It’s A Sin: The story of HIV has been told very powerfully, but not through a gay prism”

The latest TV drama from Russell T. Davies is an Eighties-set exploration of queer boys on the cusp of the rest of their lives – and of the AIDS crisis. It’s bold, vibrant and groundbreaking. We go on set, meet the creator and his cast, and ask: why did it take so long?

Today, 1st December, is World AIDS Day.

To mark the date, we’re reposting our feature on It’s A Sin, which originally ran in January this year. Russell T. Davies’ brilliant drama was set in the 80s and followed a group of queer boys hitting London and hitting adulthood – little knowing that a new disease was about to change their lives, and that of a generation.

Ahead of the series’ launch on Channel 4, writer Douglas Greenwood went onset and talked to crew and cast, including lead actor Olly Alexander, singer with Years & Years. His story for THE FACE, like Davies’ hit show, reported on the devastation wrought by HIV in the 80s and beyond.

But along with It’s A Sins blockbuster ratings – it was All 4’s biggest ever instantly-available boxset, and the streaming platform’s most binged show to date – came other record-breaking figures. Its broadcast was timed to National HIV Testing Week (1st – 7th February) and, according to HIV and sexual health charity Terrence Higgins Trust, contributed to a more-than-doubling of the number of HIV tests ordered compared to the same week the previous year.

Meanwhile, the Trust’s helpline saw a 30 per cent increase in calls the day after the first episode aired. As Ian Green, Chief Executive at Terrence Higgins Trust, said at the time: It’s A Sin has had an amazing impact… The series examines a time in our history we must never forget – when people were dying of a mystery illness and we didn’t know why.

He continued: But it’s also important that everyone knows how much HIV has changed since then thanks to massive improvements in preventing, testing for and treating HIV. You can now live a long, healthy life with HIV and effective treatment means you won’t pass on the virus to anyone else. We’ve seen the It’s A Sin effect’ on National HIV Testing Week with tests being ordered at a faster rate than ever before off the back of the series. That’s a brilliant legacy for the series.”

Today, let’s remember those wins, but also the lives lost. To find out about fund-raising, contributing and more visit worl​daids​day​.org.

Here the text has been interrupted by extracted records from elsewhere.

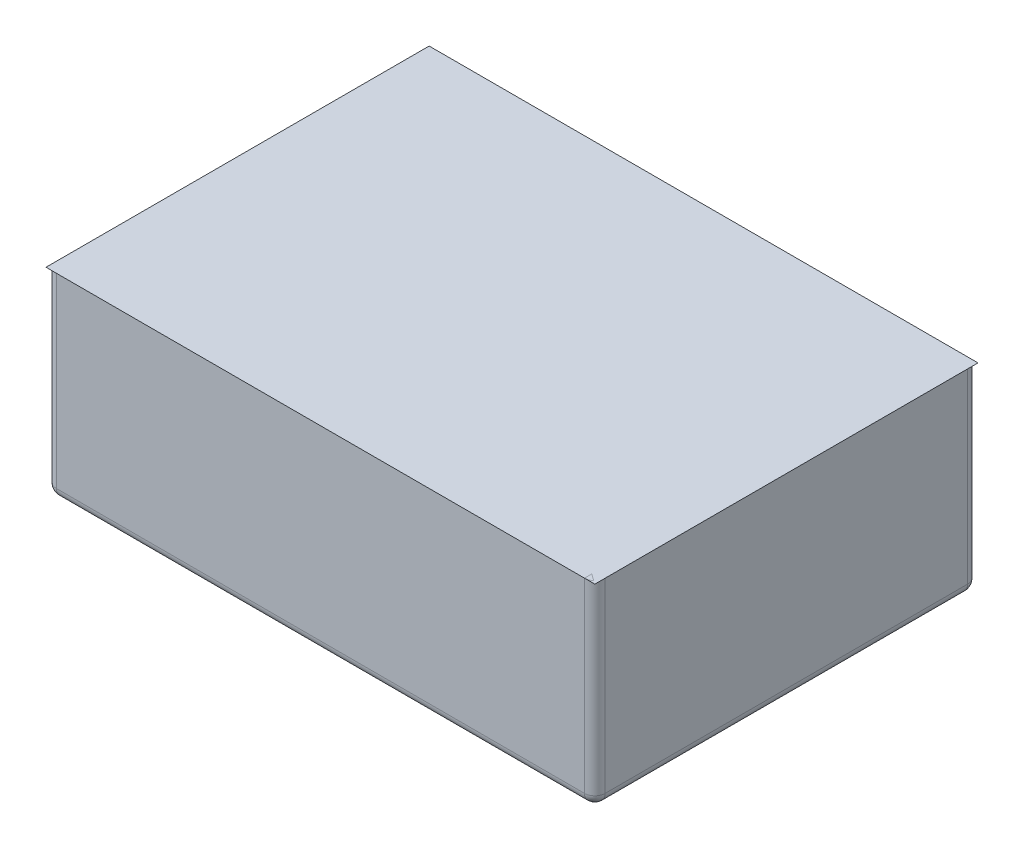
ISO-10303-21;
HEADER;
FILE_DESCRIPTION(('STEP AP214'),'2;1');
FILE_NAME('part.step','',(''),(''),'','','');
FILE_SCHEMA(('AUTOMOTIVE_DESIGN { 1 0 10303 214 1 1 1 1 }'));
ENDSEC;
DATA;
#1=APPLICATION_CONTEXT('core data for automotive mechanical design processes');
#2=APPLICATION_PROTOCOL_DEFINITION('international standard','automotive_design',2000,#1);
#3=PRODUCT_CONTEXT('',#1,'mechanical');
#4=PRODUCT('Part','Part','',(#3));
#5=PRODUCT_RELATED_PRODUCT_CATEGORY('part','',(#4));
#6=PRODUCT_DEFINITION_FORMATION('','',#4);
#7=PRODUCT_DEFINITION_CONTEXT('part definition',#1,'design');
#8=PRODUCT_DEFINITION('design','',#6,#7);
#9=PRODUCT_DEFINITION_SHAPE('','',#8);
#10=(LENGTH_UNIT() NAMED_UNIT(*) SI_UNIT(.MILLI.,.METRE.));
#11=(NAMED_UNIT(*) PLANE_ANGLE_UNIT() SI_UNIT($,.RADIAN.));
#12=(NAMED_UNIT(*) SI_UNIT($,.STERADIAN.) SOLID_ANGLE_UNIT());
#13=UNCERTAINTY_MEASURE_WITH_UNIT(LENGTH_MEASURE(1.E-05),#10,'distance_accuracy_value','');
#14=(GEOMETRIC_REPRESENTATION_CONTEXT(3) GLOBAL_UNCERTAINTY_ASSIGNED_CONTEXT((#13)) GLOBAL_UNIT_ASSIGNED_CONTEXT((#10,
#11,#12)) REPRESENTATION_CONTEXT('',''));
#15=CARTESIAN_POINT('',(0.,0.,0.));
#16=DIRECTION('',(0.,0.,1.));
#17=DIRECTION('',(1.,0.,0.));
#18=AXIS2_PLACEMENT_3D('',#15,#16,#17);
#19=CARTESIAN_POINT('',(0.,95.,0.));
#20=DIRECTION('',(0.,1.,0.));
#21=DIRECTION('',(0.,0.,1.));
#22=AXIS2_PLACEMENT_3D('',#19,#20,#21);
#23=PLANE('',#22);
#24=DIRECTION('',(1.,0.,0.));
#25=VECTOR('',#24,1.);
#26=CARTESIAN_POINT('',(-132.5,95.,92.5));
#27=LINE('',#26,#25);
#28=CARTESIAN_POINT('',(-132.5,95.,92.5));
#29=VERTEX_POINT('',#28);
#30=CARTESIAN_POINT('',(132.5,95.,92.5));
#31=VERTEX_POINT('',#30);
#32=EDGE_CURVE('E59',#29,#31,#27,.T.);
#33=ORIENTED_EDGE('',*,*,#32,.T.);
#34=DIRECTION('',(0.,0.,-1.));
#35=VECTOR('',#34,1.);
#36=CARTESIAN_POINT('',(132.5,95.,92.5));
#37=LINE('',#36,#35);
#38=CARTESIAN_POINT('',(132.5,95.,-92.5));
#39=VERTEX_POINT('',#38);
#40=EDGE_CURVE('E70',#31,#39,#37,.T.);
#41=ORIENTED_EDGE('',*,*,#40,.T.);
#42=DIRECTION('',(-1.,0.,0.));
#43=VECTOR('',#42,1.);
#44=CARTESIAN_POINT('',(132.5,95.,-92.5));
#45=LINE('',#44,#43);
#46=CARTESIAN_POINT('',(-132.5,95.,-92.5));
#47=VERTEX_POINT('',#46);
#48=EDGE_CURVE('E55',#39,#47,#45,.T.);
#49=ORIENTED_EDGE('',*,*,#48,.T.);
#50=DIRECTION('',(0.,0.,1.));
#51=VECTOR('',#50,1.);
#52=CARTESIAN_POINT('',(-132.5,95.,-92.5));
#53=LINE('',#52,#51);
#54=EDGE_CURVE('E12',#47,#29,#53,.T.);
#55=ORIENTED_EDGE('',*,*,#54,.T.);
#56=EDGE_LOOP('',(#33,#41,#49,#55));
#57=FACE_BOUND('',#56,.T.);
#58=ADVANCED_FACE('F50',(#57),#23,.T.);
#59=OPEN_SHELL('',(#58));
#60=SHELL_BASED_SURFACE_MODEL('B2',(#59));
#61=CARTESIAN_POINT('',(132.5,95.,92.5));
#62=DIRECTION('',(-1.,0.,0.));
#63=DIRECTION('',(0.,0.,1.));
#64=AXIS2_PLACEMENT_3D('',#61,#62,#63);
#65=PLANE('',#64);
#66=DIRECTION('',(0.,0.,-1.));
#67=VECTOR('',#66,1.);
#68=CARTESIAN_POINT('',(132.5,95.,92.5));
#69=LINE('',#68,#67);
#70=CARTESIAN_POINT('',(132.5,95.,87.5));
#71=VERTEX_POINT('',#70);
#72=CARTESIAN_POINT('',(132.5,95.,-87.5));
#73=VERTEX_POINT('',#72);
#74=EDGE_CURVE('E237',#71,#73,#69,.T.);
#75=ORIENTED_EDGE('',*,*,#74,.F.);
#76=DIRECTION('',(0.,-1.,0.));
#77=VECTOR('',#76,1.);
#78=CARTESIAN_POINT('',(132.5,95.,87.5));
#79=LINE('',#78,#77);
#80=CARTESIAN_POINT('',(132.5,5.,87.5));
#81=VERTEX_POINT('',#80);
#82=EDGE_CURVE('E272',#71,#81,#79,.T.);
#83=ORIENTED_EDGE('',*,*,#82,.T.);
#84=DIRECTION('',(0.,0.,-1.));
#85=VECTOR('',#84,1.);
#86=CARTESIAN_POINT('',(132.5,5.,-92.5));
#87=LINE('',#86,#85);
#88=CARTESIAN_POINT('',(132.5,5.,-87.5));
#89=VERTEX_POINT('',#88);
#90=EDGE_CURVE('E270',#81,#89,#87,.T.);
#91=ORIENTED_EDGE('',*,*,#90,.T.);
#92=DIRECTION('',(0.,-1.,0.));
#93=VECTOR('',#92,1.);
#94=CARTESIAN_POINT('',(132.5,95.,-87.5));
#95=LINE('',#94,#93);
#96=EDGE_CURVE('E268',#89,#73,#95,.F.);
#97=ORIENTED_EDGE('',*,*,#96,.T.);
#98=EDGE_LOOP('',(#75,#83,#91,#97));
#99=FACE_BOUND('',#98,.T.);
#100=ADVANCED_FACE('F94',(#99),#65,.F.);
#101=CARTESIAN_POINT('',(-132.5,95.,-92.5));
#102=DIRECTION('',(0.,0.,1.));
#103=DIRECTION('',(1.,0.,0.));
#104=AXIS2_PLACEMENT_3D('',#101,#102,#103);
#105=PLANE('',#104);
#106=DIRECTION('',(-1.,0.,0.));
#107=VECTOR('',#106,1.);
#108=CARTESIAN_POINT('',(-132.5,5.,-92.5));
#109=LINE('',#108,#107);
#110=CARTESIAN_POINT('',(127.5,5.,-92.5));
#111=VERTEX_POINT('',#110);
#112=CARTESIAN_POINT('',(-127.5,5.,-92.5));
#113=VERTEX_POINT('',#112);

The article below was originally published on 15/​01/​2021

I miss the celebration by minutes, pulling up in a taxi to a disused high school, surrounded by housing estates, in Eccles on the outskirts of Manchester. The revellers have left. Spilt drinks have been cleaned up, boombox silenced, kisses swapped with strangers who are already a dot in the distance.

The party, clearly, is over, which is something the guests are going to have become used to.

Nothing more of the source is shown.